Osteoporosis (OP) increases vertebral fragility as a result of the biomechanical effects of diminished bone structure and composition. This study has aimed to assess the effects of pulsed wave low-level laser therapy (PW LLLT) on cancellous bone strength of an ovariectomized (OVX-d) experimental rat model and a glucocorticoid-induced OP (GIOP) experimental rat model. There were four OVX-d groups and four dexamethasone-treated groups. A group of healthy rats was used for baseline evaluations. The OVX-d rats were further subdivided into the following groups: control rats with OP, OVX-d rats that received alendronate, OVX-d rats treated with PW LLLT, and OVX-d rats treated with alendronate and PW LLLT. The remaining rats received dexamethasone and were divided into four groups: control, alendronate-treated rats, laser-treated rats, and laser-treated rats with concomitant administration of alendronate. PW LLLT (890 nm, 80 Hz, 0.972 J/cm(2)) was performed on the spinal processes of the T12, L1, L2, and L3 vertebras. We extracted the L1 vertebrae and submitted them to a mechanical compression test.

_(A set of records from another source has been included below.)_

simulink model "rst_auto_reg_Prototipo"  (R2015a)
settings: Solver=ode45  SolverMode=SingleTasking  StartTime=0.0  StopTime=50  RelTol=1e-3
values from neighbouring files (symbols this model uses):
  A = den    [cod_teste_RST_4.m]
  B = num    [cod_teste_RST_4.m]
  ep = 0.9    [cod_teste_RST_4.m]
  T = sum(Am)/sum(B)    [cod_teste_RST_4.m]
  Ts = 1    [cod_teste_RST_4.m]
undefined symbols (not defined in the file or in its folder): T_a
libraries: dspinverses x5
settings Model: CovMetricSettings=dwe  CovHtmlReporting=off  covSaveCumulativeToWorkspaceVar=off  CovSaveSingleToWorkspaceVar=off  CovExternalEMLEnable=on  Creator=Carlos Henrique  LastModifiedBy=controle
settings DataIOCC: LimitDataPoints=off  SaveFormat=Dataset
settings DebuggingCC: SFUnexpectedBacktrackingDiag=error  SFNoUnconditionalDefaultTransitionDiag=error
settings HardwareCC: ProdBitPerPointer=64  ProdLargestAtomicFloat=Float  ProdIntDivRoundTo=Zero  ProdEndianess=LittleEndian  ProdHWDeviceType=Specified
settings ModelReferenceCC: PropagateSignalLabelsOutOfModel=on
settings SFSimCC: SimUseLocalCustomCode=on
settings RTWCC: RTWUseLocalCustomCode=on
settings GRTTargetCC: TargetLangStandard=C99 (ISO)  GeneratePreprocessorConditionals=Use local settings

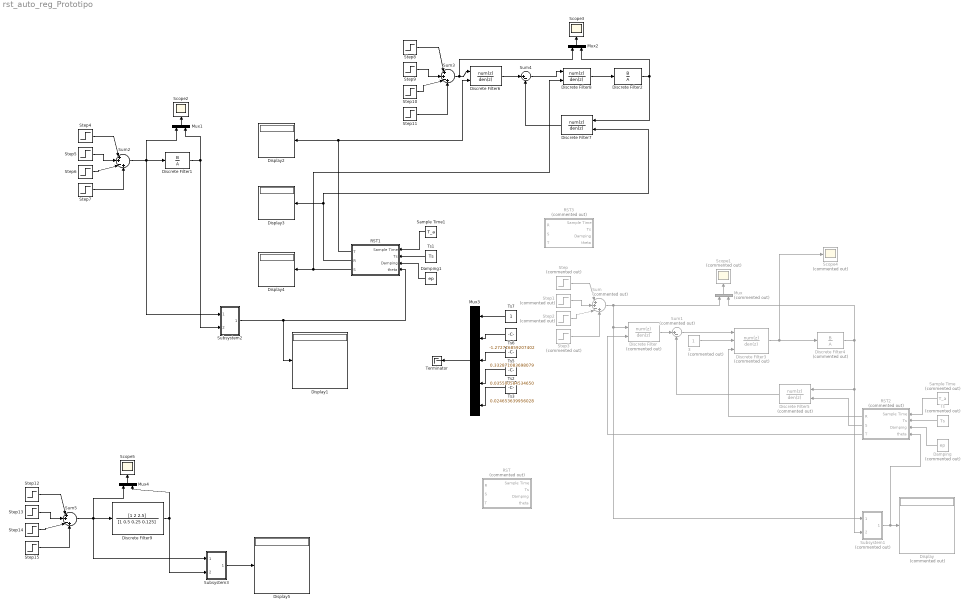
== system rst_auto_reg_Prototipo ==
  3 : Constant  Commented=on
  Damping : Constant  Commented=on  Value=ep
  Damping1 : Constant  Value=ep
  Discrete Filter : DiscreteFilter  Commented=on  NumeratorSource=Input port  Numerator=B  Denominator=1
      settings: InputPortMap=u0,p1
  Discrete Filter1 : DiscreteFilter  Numerator=B  Denominator=A  SampleTime=0.1
  Discrete Filter2 : DiscreteFilter  Numerator=B  Denominator=A  SampleTime=0.1
  Discrete Filter3 : DiscreteFilter  Commented=on  NumeratorSource=Input port  Numerator=T  DenominatorSource=Input port  Denominator=1  SampleTime=0.1  a0EqualsOne=on
      settings: InputPortMap=u0,p1,p3
  Discrete Filter4 : DiscreteFilter  Commented=on  Numerator=B  Denominator=A
  Discrete Filter5 : DiscreteFilter  Commented=on  NumeratorSource=Input port  Denominator=1
      settings: InputPortMap=u0,p1
  Discrete Filter6 : DiscreteFilter  NumeratorSource=Input port  Numerator=13.39  Denominator=1  SampleTime=0.1
      settings: InputPortMap=u0,p1
  Discrete Filter7 : DiscreteFilter  NumeratorSource=Input port  Numerator=[-0.6555 0.1406]  Denominator=1  SampleTime=0.1
      settings: InputPortMap=u0,p1
  Discrete Filter8 : DiscreteFilter  Numerator=1  DenominatorSource=Input port  Denominator=[0.634 -0.2621]  SampleTime=0.1  a0EqualsOne=on
      settings: InputPortMap=u0,p3
  Discrete Filter9 : DiscreteFilter  Numerator=[1 2 2.5]  Denominator=[1 0.5 0.25 0.125]  SampleTime=0.1
  Display : Display  Commented=on
  Display{1..5} (5 alike) : Display
  Mux : Mux  Commented=on  Inputs=2
  Mux1 : Mux  Inputs=2
  Mux2 : Mux  Inputs=2
  Mux3 : Mux  Inputs=5
  Mux4 : Mux  Inputs=2
  RST : Subsystem  Commented=on
  RST1 : Subsystem
  RST2 : Subsystem  Commented=on
  RST3 : Subsystem  Commented=on
  Sample Time : Constant  Commented=on  Value=T_a
  Sample Time1 : Constant  Value=T_a
  Scope1 : Scope  Commented=on
      settings: YMin=-0.73435  YMax=6.60919
  Scope2 : Scope
      settings: YMin=-0.73435  YMax=6.60919
  Scope3 : Scope
      settings: TimeRange=50  YMin=1.132890365448505  YMax=3.006644518272426  SaveName=ScopeData3
  Scope4 : Scope  Commented=on
      settings: YMin=-8.49296  YMax=18.39504  SaveName=ScopeData2
  Scope5 : Scope
      settings: YMin=-0.73435  YMax=6.60919  SaveName=ScopeData4
  Step : Step  Commented=on  Time=0  SampleTime=0
  Step1 : Step  Commented=on  Time=10  After=3  SampleTime=0
  Step10 : Step  Time=20  After=2  SampleTime=0
  Step11 : Step  Time=30  SampleTime=0
  Step12 : Step  Time=0  SampleTime=0
  Step13 : Step  Time=10  After=3  SampleTime=0
  Step14 : Step  Time=20  After=2  SampleTime=0
  Step15 : Step  Time=30  SampleTime=0
  Step2 : Step  Commented=on  Time=20  After=2  SampleTime=0
  Step3 : Step  Commented=on  Time=30  SampleTime=0
  Step4 : Step  Time=0  SampleTime=0
  Step5 : Step  Time=10  After=3  SampleTime=0
  Step6 : Step  Time=20  After=2  SampleTime=0
  Step7 : Step  Time=30  SampleTime=0
  Step8 : Step  Time=0  SampleTime=0
  Step9 : Step  Time=10  After=3  SampleTime=0
  Subsystem1 : Subsystem  Commented=on
  Subsystem2 : Subsystem
  Subsystem3 : Subsystem
  Sum : Sum  Commented=on  Inputs=|++-+
  Sum1 : Sum  Commented=on  Inputs=|+-
  Sum2 : Sum  Inputs=|++-+
  Sum3 : Sum  Inputs=|++-+
  Sum4 : Sum  Inputs=|+-
  Sum5 : Sum  Inputs=|++-+
  Terminator : Terminator
  Ts : Constant  Commented=on  Value=Ts
  Ts1 : Constant  Value=Ts
  Ts2 : Constant  Value=0.035500584534650  SampleTime=0.1
  Ts3 : Constant  Value=0.024653639956028  SampleTime=0.1
  Ts5 : Constant  Value=0.332871083698079  SampleTime=0.1
  Ts6 : Constant  Value=-1.272716859207402  SampleTime=0.1
  Ts7 : Constant  SampleTime=0.1
  wires:
  RST2/2(S) -> Discrete Filter5/2
  Mux/1 -> Scope1/1
  Ts/1 -> RST2/2(Ts)
  Step2/1 -> Sum/3
  Damping/1 -> RST2/3(Damping)
  RST2/1(R) -> Discrete Filter3/3
  Step1/1 -> Sum/2
  Discrete Filter3/1 -> Discrete Filter4/1, Scope4/1
  Sample Time/1 -> RST2/1(Sample Time)
  Sum/1 -> Subsystem1/1(In1), Discrete Filter/1, Mux/1
  Step3/1 -> Sum/4
  3/1 -> Discrete Filter3/2
  Sum1/1 -> Discrete Filter3/1
  Step/1 -> Sum/1
  RST2/3(T) -> Discrete Filter/2
  Discrete Filter/1 -> Sum1/1
  Discrete Filter5/1 -> Sum1/2
  Discrete Filter4/1 -> Subsystem1/2(In2), Discrete Filter5/1, Mux/2
  Sample Time1/1 -> RST1/1(Sample Time)
  Ts1/1 -> RST1/2(Ts)
  Damping1/1 -> RST1/3(Damping)
  Subsystem2/1(Out1) -> Display1/1, RST1/4(theta)
  Step5/1 -> Sum2/2
  Step7/1 -> Sum2/4
  Step6/1 -> Sum2/3
  Step4/1 -> Sum2/1
  Sum2/1 -> Subsystem2/1(In1), Mux1/1, Discrete Filter1/1
  Discrete Filter1/1 -> Subsystem2/2(In2), Mux1/2
  Mux1/1 -> Scope2/1
  RST1/1(T) -> Discrete Filter6/2, Display2/1
  Step8/1 -> Sum3/1
  Step10/1 -> Sum3/3
  Step11/1 -> Sum3/4
  Step9/1 -> Sum3/2
  Sum3/1 -> Mux2/1, Discrete Filter6/1
  Discrete Filter6/1 -> Sum4/1
  Discrete Filter7/1 -> Sum4/2
  Discrete Filter8/1 -> Discrete Filter2/1
  Discrete Filter2/1 -> Discrete Filter7/1, Mux2/2
  Subsystem1/1(Out1) -> RST2/4(theta), Display/1
  Ts7/1 -> Mux3/1
  Ts6/1 -> Mux3/2
  Ts5/1 -> Mux3/3
  Ts2/1 -> Mux3/4
  Ts3/1 -> Mux3/5
  Mux3/1 -> Terminator/1
  RST1/3(S) -> Discrete Filter8/2, Display4/1
  RST1/2(R) -> Discrete Filter7/2, Display3/1
  Sum4/1 -> Discrete Filter8/1
  Mux2/1 -> Scope3/1
  Step13/1 -> Sum5/2
  Step15/1 -> Sum5/4
  Step14/1 -> Sum5/3
  Step12/1 -> Sum5/1
  Sum5/1 -> Discrete Filter9/1, Mux4/1, Subsystem3/1(In1)
  Mux4/1 -> Scope5/1
  Subsystem3/1(Out1) -> Display5/1
  Discrete Filter9/1 -> Subsystem3/2(In2), Mux4/2

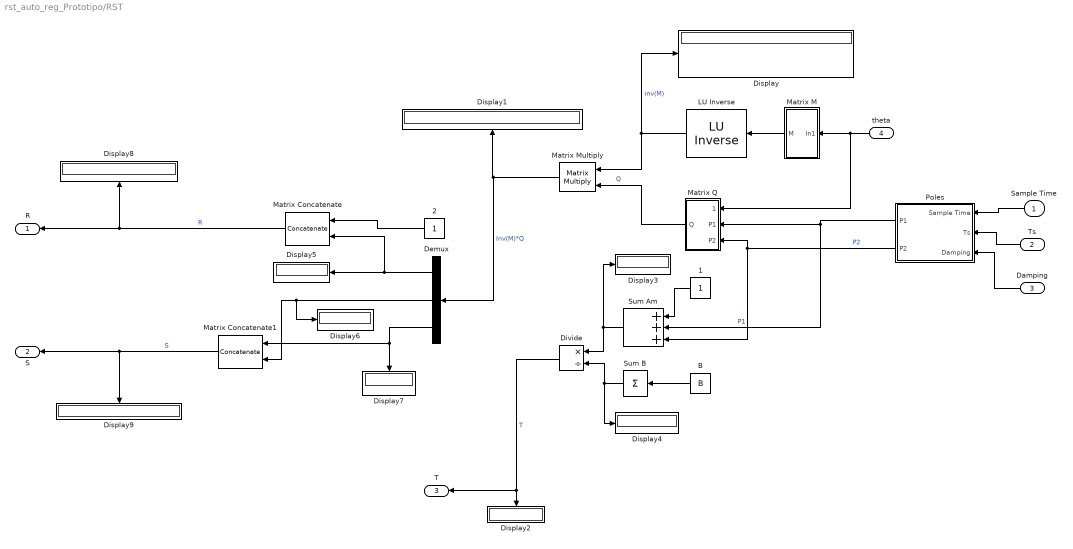
== system rst_auto_reg_Prototipo/RST ==
  Sample Time : Inport
  Ts : Inport  Port=2
  Damping : Inport  Port=3
  theta : Inport  Port=4
  " LU Inverse" : dspinverses/ LU Inverse
  1 : Constant
  2 : Constant
  B : Constant  Value=B
  Demux : Demux  Outputs=3
  Display{,1..9} (10 alike) : Display
  Divide : Product  Inputs=*/
  Matrix Concatenate : Concatenate  Mode=Multidimensional array  ConcatenateDimension=2
  Matrix Concatenate1 : Concatenate  Mode=Multidimensional array  ConcatenateDimension=2
  Matrix M : Subsystem
  Matrix Multiply : Product  Multiplication=Matrix(*)
  Matrix Q : Subsystem
  Poles : Subsystem
  Sum Am : Sum  Inputs=+++
  Sum B : Sum  Inputs=+
  R : Outport
  S : Outport  Port=2
  T : Outport  Port=3
  wires:
  Matrix Multiply/1 -> Demux/1, Display1/1  "Inv(M)*Q"
  Demux/1 -> Matrix Concatenate/2, Display5/1
  Sum B/1 -> Divide/2, Display4/1
  " LU Inverse"/1 -> Matrix Multiply/1, Display/1  "inv(M)"
  Matrix Concatenate/1 -> Display8/1, R/1  "R"
  B/1 -> Sum B/1
  Demux/2 -> Display6/1, Matrix Concatenate1/2
  Sum Am/1 -> Divide/1, Display3/1
  Matrix Concatenate1/1 -> S/1, Display9/1  "S"
  Poles/2(P2) -> Sum Am/3, Matrix Q/3(P2)  "P2"
  Divide/1 -> T/1, Display2/1  "T"
  Ts/1 -> Poles/2(Ts)
  Matrix Q/1(Q) -> Matrix Multiply/2  "Q"
  Damping/1 -> Poles/3(Damping)
  Sample Time/1 -> Poles/1(Sample Time)
  1/1 -> Sum Am/1
  Demux/3 -> Display7/1, Matrix Concatenate1/1
  2/1 -> Matrix Concatenate/1
  theta/1 -> Matrix Q/1(theta), Matrix M/1(In1)
  Matrix M/1(M) -> " LU Inverse"/1
  Poles/1(P1) -> Sum Am/2, Matrix Q/2(P1)  "P1"

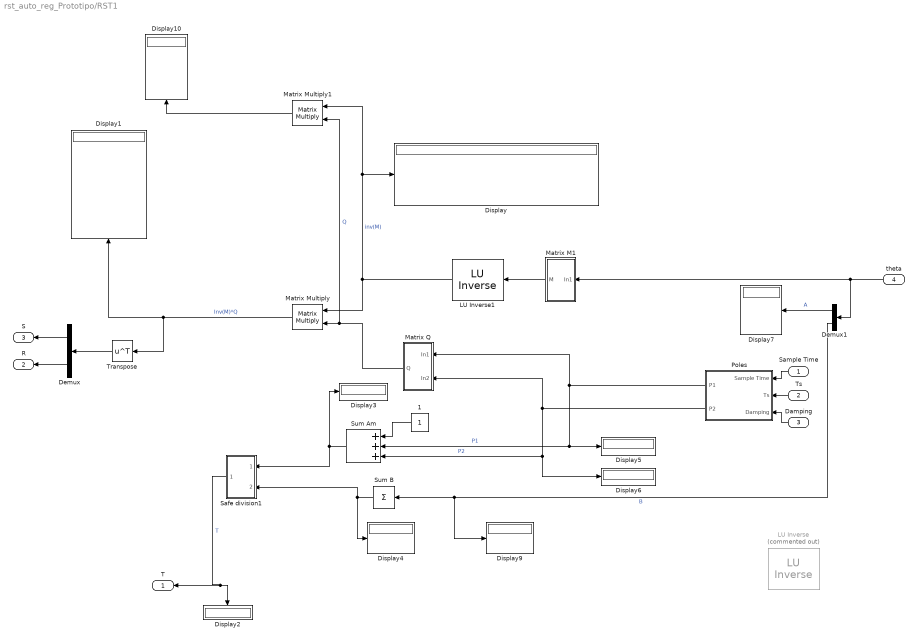
== system rst_auto_reg_Prototipo/RST1 ==
  Sample Time : Inport
  Ts : Inport  Port=2
  Damping : Inport  Port=3
  theta : Inport  Port=4
  " LU Inverse" : dspinverses/ LU Inverse  Commented=on
  " LU Inverse1" : dspinverses/ LU Inverse
  1 : Constant
  Demux : Demux  Outputs=2
  Demux1 : Demux  Outputs=2
  Display{,1..7,9..10} (10 alike) : Display
  Matrix M1 : Subsystem
  Matrix Multiply : Product  Multiplication=Matrix(*)
  Matrix Multiply1 : Product  Multiplication=Matrix(*)
  Matrix Q : Subsystem
  Poles : Subsystem
  Safe division1 : Subsystem
  Sum Am : Sum  Inputs=+++
  Sum B : Sum  Inputs=+
  Transpose : Math  Operator=transpose  SaturateOnIntegerOverflow=on
  T : Outport
  R : Outport  Port=2
  S : Outport  Port=3
  wires:
  Matrix Multiply/1 -> Transpose/1, Display1/1  "Inv(M)*Q"
  Sum B/1 -> Display4/1, Safe division1/2(In2)
  " LU Inverse1"/1 -> Matrix Multiply/1, Matrix Multiply1/1, Display/1  "inv(M)"
  Sum Am/1 -> Safe division1/1(In1), Display3/1
  Safe division1/1(Out1) -> Display2/1, T/1  "T"
  Ts/1 -> Poles/2(Ts)
  Matrix Q/1(Q) -> Matrix Multiply1/2, Matrix Multiply/2  "Q"
  Damping/1 -> Poles/3(Damping)
  Sample Time/1 -> Poles/1(Sample Time)
  1/1 -> Sum Am/1
  theta/1 -> Matrix M1/1(In1), Demux1/1
  Demux1/2 -> Display9/1, Sum B/1  "B"
  Demux1/1 -> Display7/1  "A"
  Poles/1(P1) -> Matrix Q/1(In1), Sum Am/2, Display5/1  "P1"
  Poles/2(P2) -> Display6/1, Sum Am/3, Matrix Q/2(In2)  "P2"
  Matrix M1/1(M) -> " LU Inverse1"/1
  Transpose/1 -> Demux/1
  Demux/1 -> S/1
  Demux/2 -> R/1
  Matrix Multiply1/1 -> Display10/1

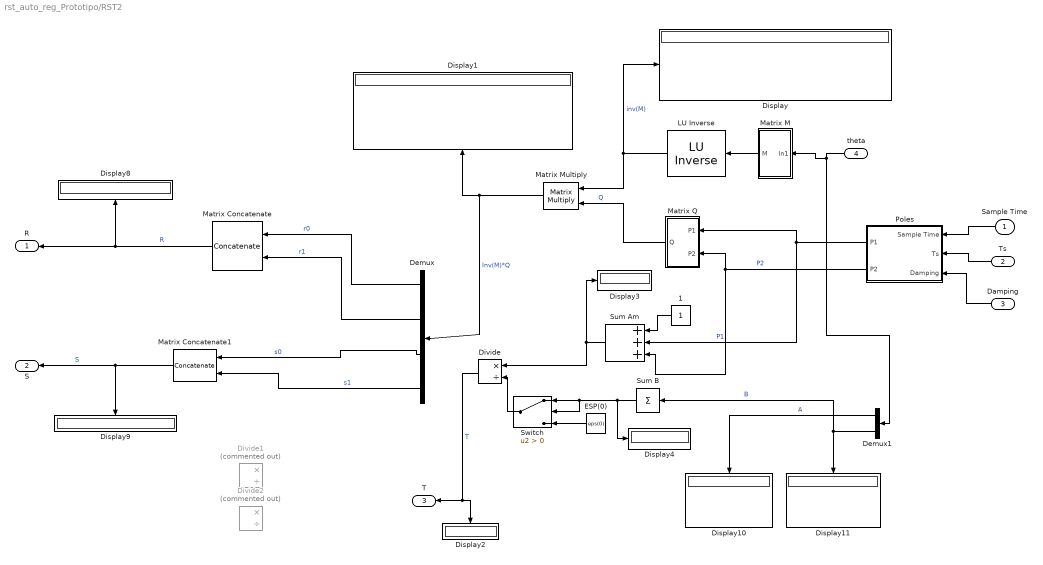
== system rst_auto_reg_Prototipo/RST2 ==
  Sample Time : Inport
  Ts : Inport  Port=2
  Damping : Inport  Port=3
  theta : Inport  Port=4
  " ESP(0)" : Constant  Value=eps(0)
  " LU Inverse" : dspinverses/ LU Inverse
  1 : Constant
  Demux : Demux
  Demux1 : Demux  Outputs=2
  Display{,1..4,8..11} (9 alike) : Display
  Divide : Product  Inputs=*/
  Divide1 : Product  Commented=on  Inputs=*/
  Divide2 : Product  Commented=on  Inputs=*/
  Matrix Concatenate : Concatenate  Mode=Multidimensional array  ConcatenateDimension=2
  Matrix Concatenate1 : Concatenate  Mode=Multidimensional array  ConcatenateDimension=2
  Matrix M : Subsystem
  Matrix Multiply : Product  Multiplication=Matrix(*)
  Matrix Q : Subsystem
  Poles : Subsystem
  Sum Am : Sum  Inputs=+++
  Sum B : Sum  Inputs=+
  Switch : Switch  Criteria=u2 > Threshold
  R : Outport
  S : Outport  Port=2
  T : Outport  Port=3
  wires:
  Demux/4 -> Matrix Concatenate1/2  "s1"
  Demux/3 -> Matrix Concatenate1/1  "s0"
  " ESP(0)"/1 -> Switch/3
  Switch/1 -> Divide/2
  Demux/2 -> Matrix Concatenate/2  "r1"
  Demux/1 -> Matrix Concatenate/1  "r0"
  Demux1/1 -> Display10/1  "A"
  Demux1/2 -> Display11/1, Sum B/1  "B"
  Poles/1(P1) -> Matrix Q/1(P1), Sum Am/2  "P1"
  Matrix M/1(M) -> " LU Inverse"/1
  theta/1 -> Matrix M/1(In1), Demux1/1
  1/1 -> Sum Am/1
  Sample Time/1 -> Poles/1(Sample Time)
  Damping/1 -> Poles/3(Damping)
  Matrix Q/1(Q) -> Matrix Multiply/2  "Q"
  Ts/1 -> Poles/2(Ts)
  Divide/1 -> T/1, Display2/1  "T"
  Poles/2(P2) -> Sum Am/3, Matrix Q/2(P2)  "P2"
  Matrix Concatenate1/1 -> Display9/1, S/1  "S"
  Sum Am/1 -> Display3/1, Divide/1
  Matrix Concatenate/1 -> R/1, Display8/1  "R"
  " LU Inverse"/1 -> Display/1, Matrix Multiply/1  "inv(M)"
  Sum B/1 -> Display4/1, Switch/1, Switch/2
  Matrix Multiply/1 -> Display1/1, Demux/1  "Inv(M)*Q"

Biomechanical test findings showed positive effects of the PW LLLT and alendronate administration on increasing bending stiffness and maximum force of the osteoporotic bones compared to the healthy group. However, laser treatment of OVA-d rats significantly increased stress high load compared to OVA-d control rats. PW LLLT preserved the cancellous (trabecular) bone of vertebra against the detrimental effects of OV-induced OP on bone strength in rats compared to control OV rats.